Come ogni grande tragedia, ai tanti morti che questa ondata migratoria dettata dalla disperazione della guerra nelle regioni del medio oriente martoriato (Siria, Iraq, Libia, Egitto, etc...), l'immagine del corpo senza vita del piccolo Aylan che la marea ha adagiato sulle coste della Turchia, ha dato un simbolo, una immagine muta ed eloquente al contempo che descrive nella maniera più cruda possiible lo strazio che questi uomini, donne e bambini affrontano ogni giorno per fuggire dall'Inferno dei loro paesi di origine.

Parla il Padre di Aylan, Abdullah Kurdi, che con la moglie ed il figlio maggiore Galip (5 anni)ha tentato la sorte per sfuggire alla guerrra a Kobane, dove gli abitanti hanno tenuto testa, con innumerevoli vittime, all'avanzata del Califfato del Terrore alle porte dell'Europa.

 

 

''Quando la barca si è rovesciata, ho preso mia moglie e i miei bambini tra le braccia ma mi sono accorto che erano morti''.

Parla piano per la commozione, con voce flebile Abdullah Kurdi, il padre di Aylan, il bimbo di tre anni annegato nel tentativo di raggiungere Kos, fotografato sulla battigia a Bodrum, diventando senza volerlo un simbolo mondiale della tragedia dei migranti.

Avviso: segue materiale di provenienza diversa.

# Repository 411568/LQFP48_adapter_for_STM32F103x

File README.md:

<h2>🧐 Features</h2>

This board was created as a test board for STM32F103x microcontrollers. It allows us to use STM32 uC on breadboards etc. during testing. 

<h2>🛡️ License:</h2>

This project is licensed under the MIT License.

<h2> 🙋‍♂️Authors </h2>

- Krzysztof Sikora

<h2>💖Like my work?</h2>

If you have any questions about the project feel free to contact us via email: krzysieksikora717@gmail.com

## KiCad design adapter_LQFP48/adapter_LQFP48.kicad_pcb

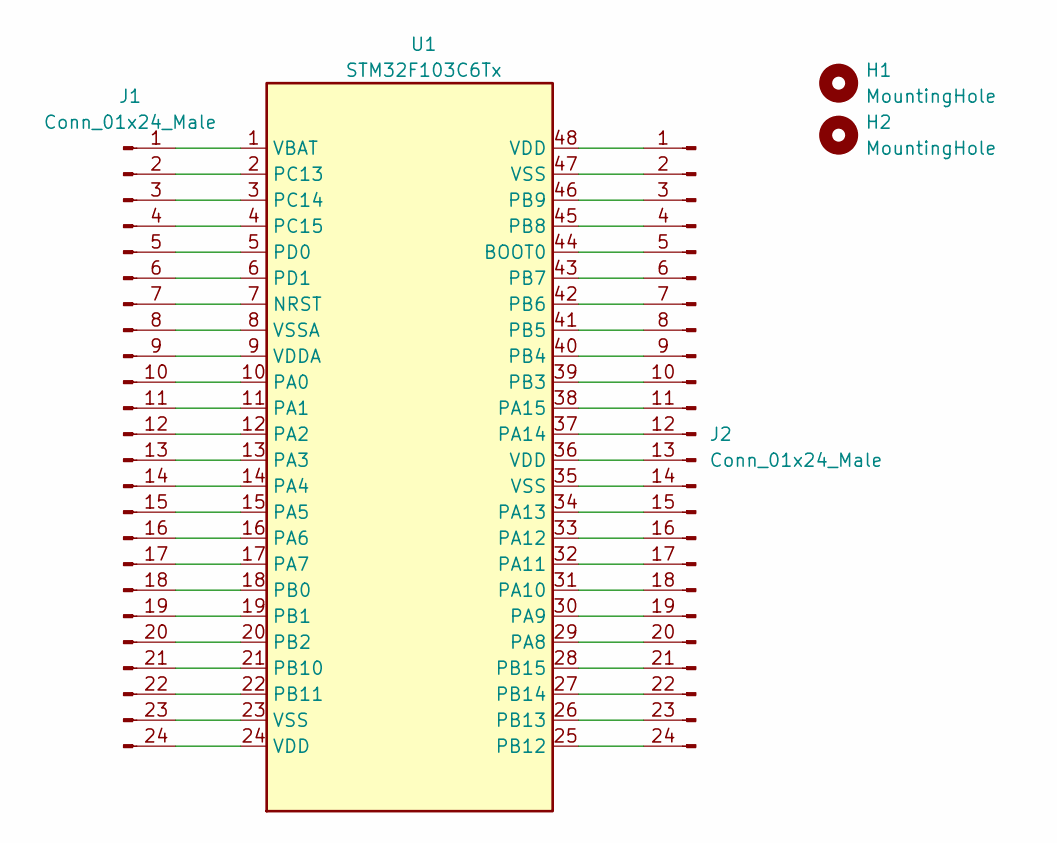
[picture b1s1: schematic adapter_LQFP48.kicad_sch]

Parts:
H1, H2: MountingHole; MountingHole_3.2mm_M3
J1, J2: Conn_01x24_Male; PinHeader_1x24_P2.54mm_Vertical
U1: STM32F103C6Tx; LQFP-48_7x7mm_P0.5mm

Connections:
unnamed: J1.1, U1.1 (VBAT)
unnamed: J1.2, U1.2 (PC13)
unnamed: J1.3, U1.3 (PC14)
unnamed: J1.4, U1.4 (PC15)
unnamed: J1.5, U1.5 (PD0)
unnamed: J1.6, U1.6 (PD1)
unnamed: J1.7, U1.7 (NRST)
unnamed: J1.8, U1.8 (VSSA)
unnamed: J1.9, U1.9 (VDDA)
unnamed: J1.10, U1.10 (PA0)
unnamed: J1.11, U1.11 (PA1)
unnamed: J1.12, U1.12 (PA2)
unnamed: J1.13, U1.13 (PA3)
unnamed: J1.14, U1.14 (PA4)
unnamed: J1.15, U1.15 (PA5)
unnamed: J1.16, U1.16 (PA6)
unnamed: J1.17, U1.17 (PA7)
unnamed: J1.18, U1.18 (PB0)
unnamed: J1.19, U1.19 (PB1)
unnamed: J1.20, U1.20 (PB2)
unnamed: J1.21, U1.21 (PB10)
unnamed: J1.22, U1.22 (PB11)
unnamed: J1.23, U1.23 (VSS)
unnamed: J1.24, U1.24 (VDD)
unnamed: J2.1, U1.48 (VDD)
unnamed: J2.2, U1.47 (VSS)
unnamed: J2.3, U1.46 (PB9)
unnamed: J2.4, U1.45 (PB8)
unnamed: J2.5, U1.44 (BOOT0)
unnamed: J2.6, U1.43 (PB7)
unnamed: J2.7, U1.42 (PB6)
unnamed: J2.8, U1.41 (PB5)
unnamed: J2.9, U1.40 (PB4)
unnamed: J2.10, U1.39 (PB3)
unnamed: J2.11, U1.38 (PA15)
unnamed: J2.12, U1.37 (PA14)
unnamed: J2.13, U1.36 (VDD)
unnamed: J2.14, U1.35 (VSS)
unnamed: J2.15, U1.34 (PA13)
unnamed: J2.16, U1.33 (PA12)
unnamed: J2.17, U1.32 (PA11)
unnamed: J2.18, U1.31 (PA10)
unnamed: J2.19, U1.30 (PA9)
unnamed: J2.20, U1.29 (PA8)
unnamed: J2.21, U1.28 (PB15)
unnamed: J2.22, U1.27 (PB14)
unnamed: J2.23, U1.26 (PB13)
unnamed: J2.24, U1.25 (PB12)

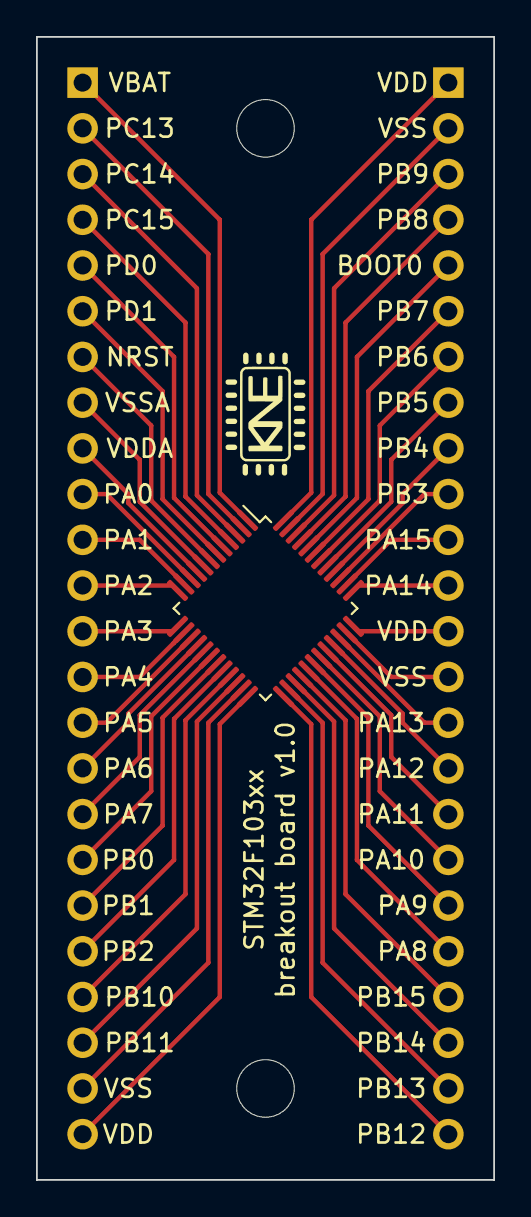
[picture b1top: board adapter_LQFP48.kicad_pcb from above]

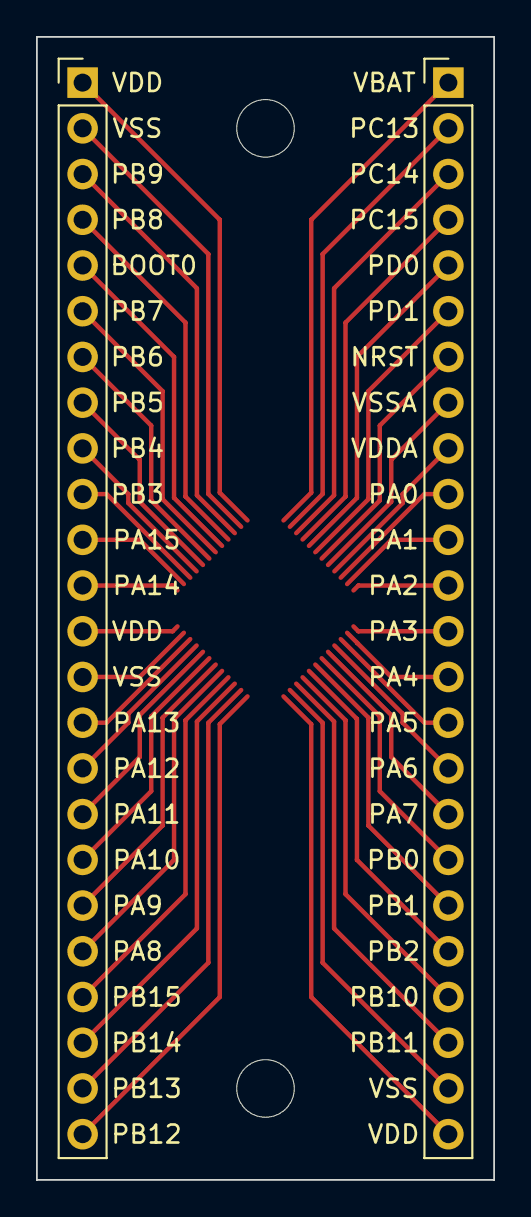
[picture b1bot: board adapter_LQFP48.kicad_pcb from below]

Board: 2 copper layers, 25.4 x 63.5 mm, 5 parts (2 on the bottom side), 48 nets.

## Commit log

2023-01-04 v1_0
2023-01-04 add readme
2025-01-30 Create LICENSE
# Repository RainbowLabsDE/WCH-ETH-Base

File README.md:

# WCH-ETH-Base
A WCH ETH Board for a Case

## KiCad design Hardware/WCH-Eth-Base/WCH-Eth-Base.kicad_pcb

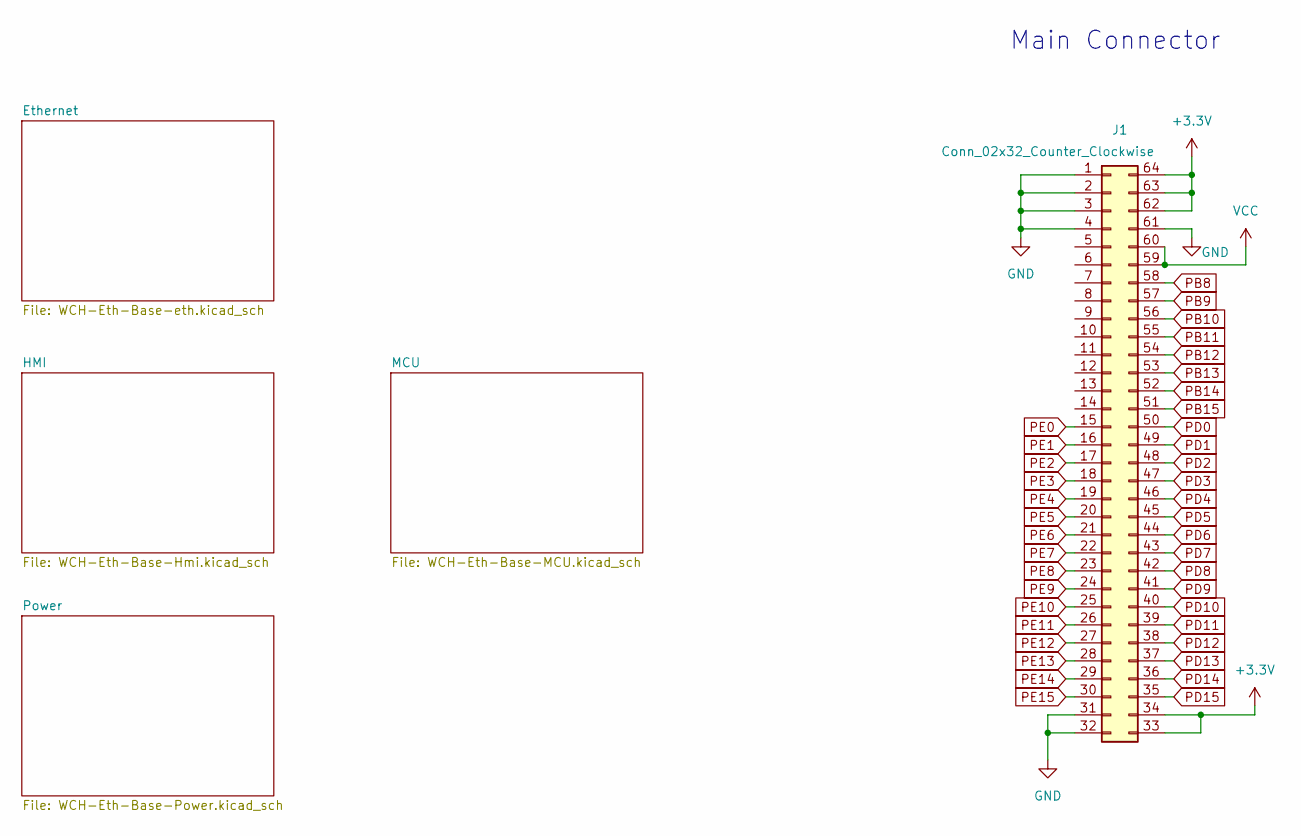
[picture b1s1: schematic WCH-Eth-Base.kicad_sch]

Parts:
J1: Conn_02x32_Counter_Clockwise; CONN-SMD_64P_3157-10101D

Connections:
+3.3V: J1.33, J1.34, J1.62, J1.63, J1.64; also elsewhere on the board
GND: J1.1, J1.2, J1.3, J1.4, J1.31, J1.32, J1.61; also elsewhere on the board
PB8: J1.58; also elsewhere on the board
PB9: J1.57; also elsewhere on the board
PB10: J1.56; also elsewhere on the board
PB11: J1.55; also elsewhere on the board
PB12: J1.54; also elsewhere on the board
PB13: J1.53; also elsewhere on the board
PB14: J1.52; also elsewhere on the board
PB15: J1.51; also elsewhere on the board
PD0: J1.50; also elsewhere on the board
PD1: J1.49; also elsewhere on the board
PD2: J1.48; also elsewhere on the board
PD3: J1.47; also elsewhere on the board
PD4: J1.46; also elsewhere on the board
PD5: J1.45; also elsewhere on the board
PD6: J1.44; also elsewhere on the board
PD7: J1.43; also elsewhere on the board
PD8: J1.42; also elsewhere on the board
PD9: J1.41; also elsewhere on the board
PD10: J1.40; also elsewhere on the board
PD11: J1.39; also elsewhere on the board
PD12: J1.38; also elsewhere on the board
PD13: J1.37; also elsewhere on the board
PD14: J1.36; also elsewhere on the board
PD15: J1.35; also elsewhere on the board
PE0: J1.15; also elsewhere on the board
PE1: J1.16; also elsewhere on the board
PE2: J1.17; also elsewhere on the board
PE3: J1.18; also elsewhere on the board
PE4: J1.19; also elsewhere on the board
PE5: J1.20; also elsewhere on the board
PE6: J1.21; also elsewhere on the board
PE7: J1.22; also elsewhere on the board
PE8: J1.23; also elsewhere on the board
PE9: J1.24; also elsewhere on the board
PE10: J1.25; also elsewhere on the board
PE11: J1.26; also elsewhere on the board
PE12: J1.27; also elsewhere on the board
PE13: J1.28; also elsewhere on the board
PE14: J1.29; also elsewhere on the board
PE15: J1.30; also elsewhere on the board
VCC: J1.59, J1.60; also elsewhere on the board

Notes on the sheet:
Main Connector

Abdullah ha 40 anni, viene dalla Siria e in mare ha perso anche Galip, 5 anni, e la moglie.

Uscendo dall'obitorio a Yerkesik town, nella provincia turca di Mugla, racconta gli ultimi momenti della sua drammatica disavventura: ''Siamo scesi da una barca e un'ora dopo siamo saliti su un'altra dove c'era un uomo turco. Noi eravamo in 12 e la barca era stracarica. Eravamo in mare da pochissimi minuti ma le onde erano alte, l'uomo che guidava la barca ha sterzato e noi siamo andati a sbattere. Lui è andato nel panico e si è gettato in mare, scappando. Ma le onde erano altissime e la barca si è capovolta''.

Parla di Aylan e dell'altro figlio morto in mare, e lo fa come tutti i padri: ''I miei bambini erano i più bei bambini del mondo, meravigliosi. Mi svegliavano la mattina perché giocassi con loro.Ora non ci sono più''.

'Adesso tutto quello che voglio è stare seduto accanto alla tomba di mia moglie e dei miei figli''.

Il padre di Aylan chiede di tornare a Kobane a seppellire la famiglia.